Erasmo introduce aquí una de las claves de su pensamiento religioso en lo relativo al estado en el que se encuentra Iglesia y, en consecuencia, a la necesidad de renovación. A lo largo de estos capítulos, y mediante el uso de muchos ejemplos, nos ofrece una imagen que nos resulta familiar. El cristianismo, en la actualidad, sigue teniendo muchos elementos que se relacionan más con la costumbre o con la superstición que con la religión. En cierto modo, responde a unos fines prácticos: es necesaria la existencia de una serie de resortes que permitan controlar a los fieles, guiar sus acciones, mantener la uniformidad en sus conductas y, al mismo tiempo, hacer llegar un mensaje claro, accesible a todos. Esto se consigue potenciando esta religiosidad exterior frente a la vivencia interna: es difícil controlar lo que piensan las personas y, a la vez, resultaría complicado hablarle de reflexión o de oración interior a la mayor parte de la población.

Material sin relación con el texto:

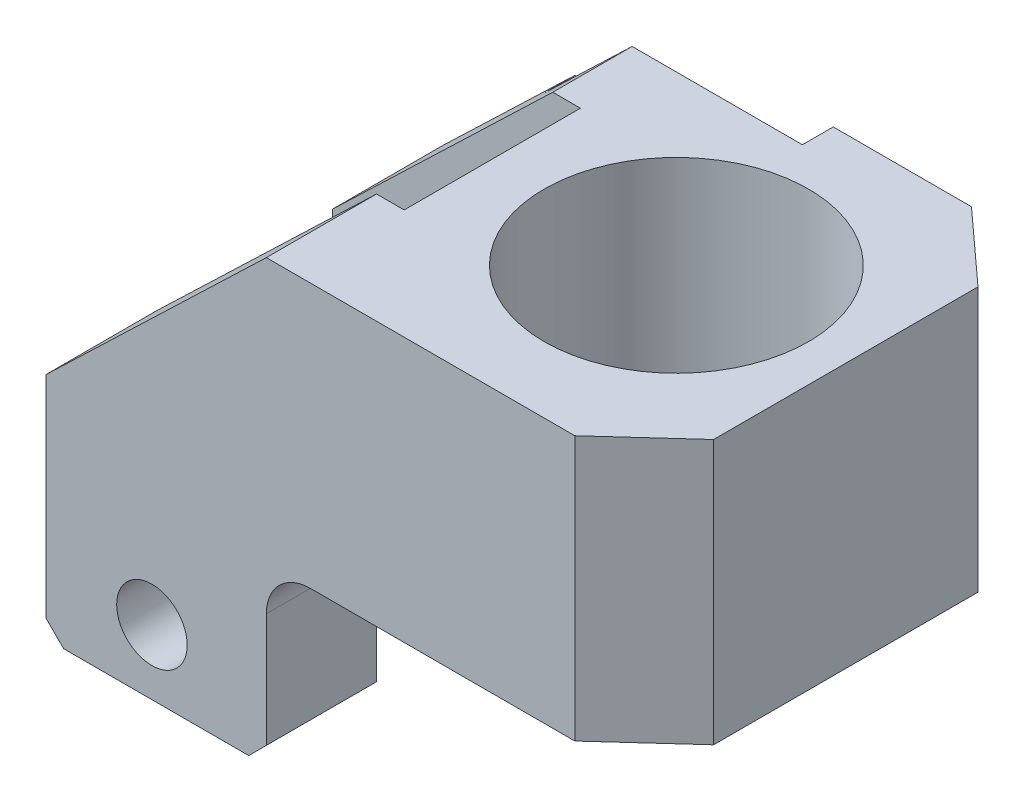
SolidWorks part; units mm, degrees
ref_plane "Спереди" through (0, 0, 0) normal (0, 0, 1) x (1, 0, 0)
ref_plane "Сверху" through (0, 0, 0) normal (0, 1, 0) x (1, 0, 0)
ref_plane "Справа" through (0, 0, 0) normal (1, 0, 0) x (0, 0, -1)
sketch "Эскиз1" plane through (0, 0, 0) normal (0, 1, 0) x (1, 0, 0)
  line L0 (-8.5273, 0) -> (45.8432, 0) construction
  line L1 (-24.0191, 22.5) -> (10.9809, 22.5)
  line L2 (-24.0191, 22.5) -> (-24.0191, -22.5)
  line L3 (-24.0191, -22.5) -> (10.9809, -22.5)
  line L4 (19.2235, 15) -> (19.2235, -15)
  line L7 (10.9809, -22.5) -> (19.2235, -15)
  line L8 (10.9809, 22.5) -> (19.2235, 15)
extrude "Вытянуть1" add sketch "Эскиз1" along normal blind 30
sketch "Эскиз2" plane through (0, 30, 0) normal (0, 1, 0) x (1, 0, 0)
  circle A0 centre (0, 0) radius 15
extrude "Вытянуть2" cut sketch "Эскиз2" against normal through all
sketch "Эскиз6" plane through (0, 0, -22.5) normal (0, 0, -1) x (-1, 0, 0)
  line L0 (24.0191, -19.9275) -> (24.0191, 30)
  line L2 (49.0191, -19.9275) -> (49.0191, 6.0126)
  line L3 (49.0191, -19.9275) -> (24.0191, -19.9275)
  line L4 (24.0191, 30) -> (49.0191, 6.0126)
extrude "Вытянуть3" add sketch "Эскиз6" against normal up to vertex (45 mm away) up to point (-24.0191, 30, 22.5)
sketch "Эскиз3" plane through (0, 30, 0) normal (0, 1, 0) x (1, 0, 0)
  line L0 (-38.6818, 0) -> (-47.6939, 0) construction
  line L3 (-65.5391, 10) -> (-20.8824, 10)
  line L4 (-65.5391, 10) -> (-65.5391, -10)
  line L5 (-65.5391, -10) -> (-20.8824, -10)
  line L6 (-20.8824, 10) -> (-20.8824, -10)
  line L7 (-65.5391, 10) -> (-20.8824, -10) construction
  line L8 (-65.5391, -10) -> (-20.8824, 10) construction
  point P1 (-43.2108, 0)
extrude "Вырез-Вытянуть1" cut sketch "Эскиз3" against normal blind 130 from offset 70
sketch "Эскиз7" plane through (0, 0, -22.5) normal (0, 0, -1) x (-1, 0, 0)
  circle A0 centre (37, -12.5783) radius 4
extrude "Вырез-Вытянуть2" cut sketch "Эскиз7" against normal through all
fillet "Скругление1" radius 5 1 edges
chamfer "Фаска5" distance 2 angle 45 4 edges at (-24.0191, -19.9275, -16.25) (-24.0191, -19.9275, 16.25) (-49.0191, -19.9275, -16.25) (-49.0191, -19.9275, 16.25)
sketch "Эскиз10" plane through (0, 0, -22.5) normal (0, 0, -1) x (-1, 0, 0)
  circle A0 centre (21.576, 32.0594) radius 17
extrude "Вырез-Вытянуть5" cut sketch "Эскиз10" against normal blind 3.5
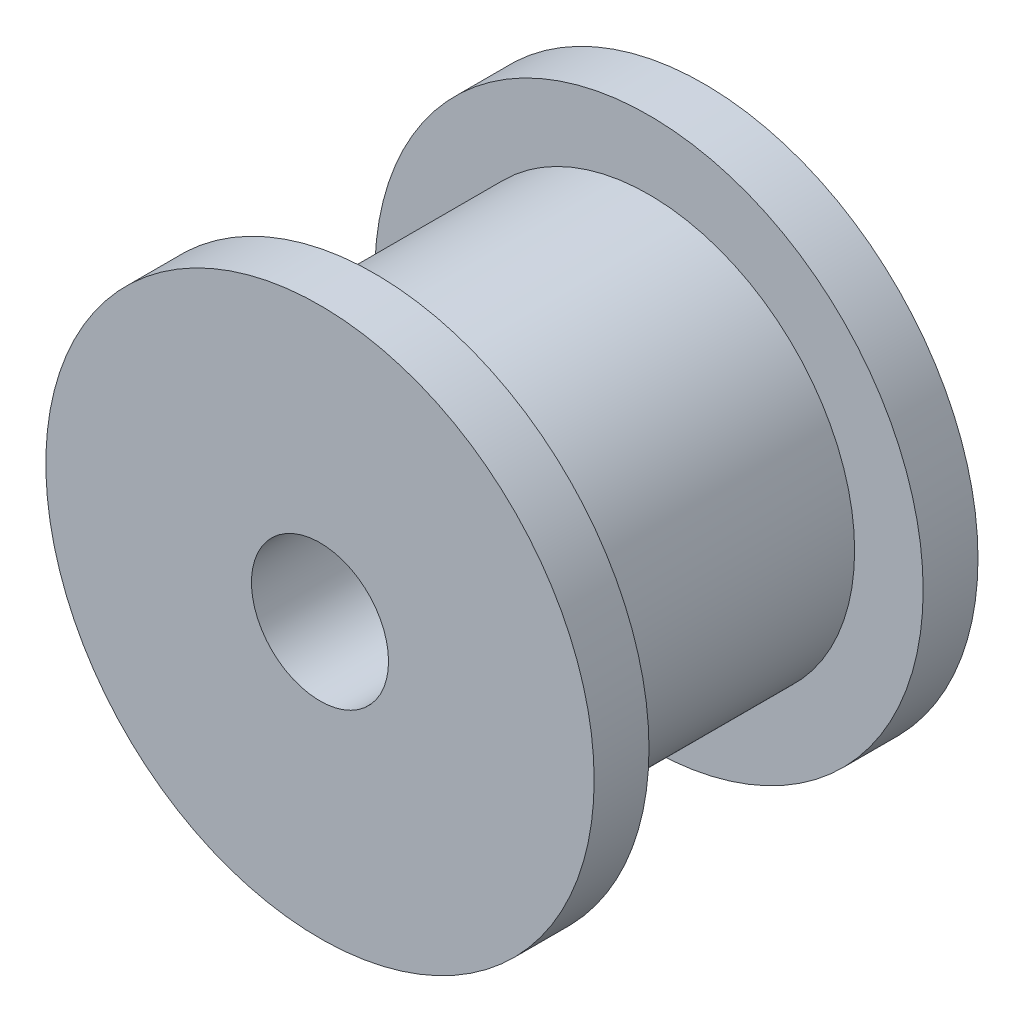
SolidWorks part; units mm, degrees
ref_plane "前视基准面" through (0, 0, 0) normal (0, 0, 1) x (1, 0, 0)
ref_plane "上视基准面" through (0, 0, 0) normal (0, 1, 0) x (1, 0, 0)
ref_plane "右视基准面" through (0, 0, 0) normal (1, 0, 0) x (0, 0, -1)
sketch "Sketch1" plane through (0, 0, 0) normal (0, 0, 1) x (1, 0, 0)
  circle A0 centre (0, 0) radius 10
extrude "Boss-Extrude1" add sketch "Sketch1" along normal mid plane 14
sketch "Sketch2" plane through (0, 0, 0) normal (0, 0, 1) x (1, 0, 0)
  circle A0 centre (0, 0) radius 7.5
  circle A1 centre (0, 0) radius 10
extrude "Cut-Extrude2" cut sketch "Sketch2" against normal mid plane 10
sketch "Sketch3" plane through (0, 0, 7) normal (0, 0, 1) x (1, 0, 0)
  circle A0 centre (0, 0) radius 2.5
extrude "Cut-Extrude3" cut sketch "Sketch3" against normal up to next

Estas formas de actuar han pervivido hasta hoy: en determinados momentos del año podemos ver ríos de gente fervorosa que acude a las procesiones sin haber pasado por la iglesia el resto del año, sin saber exactamente qué significa lo que están haciendo. Pero existe un sentimiento –a menudo no se sabe muy bien de qué tipo- que les mueve a estar allí, a sentirse parte de esa manifestación religiosa, a identificarse con el resto de gente que asiste. Esto nos lleva a un aspecto que Erasmo no llega a tratar: el sentimiento de masa, la necesidad del hombre de pertenecer a algo y de recibir el apoyo de los que procesan sus mismas creencias. En este sentido, la religiosidad exterior, el espectáculo, el colorido y la vistosidad de ciertas manifestaciones no pueden competir con el aislamiento de la devoción interna.
Fuentes:
-DE ROTTERDAM, Erasmo, Elogio de la locura o encomio de la estulticia, edición y traducción a cargo de Pedro Voltes, introducción de Juan Antonio Marina, Madrid, Espasa Calpe, colección Austral, 2008, 16ª ed.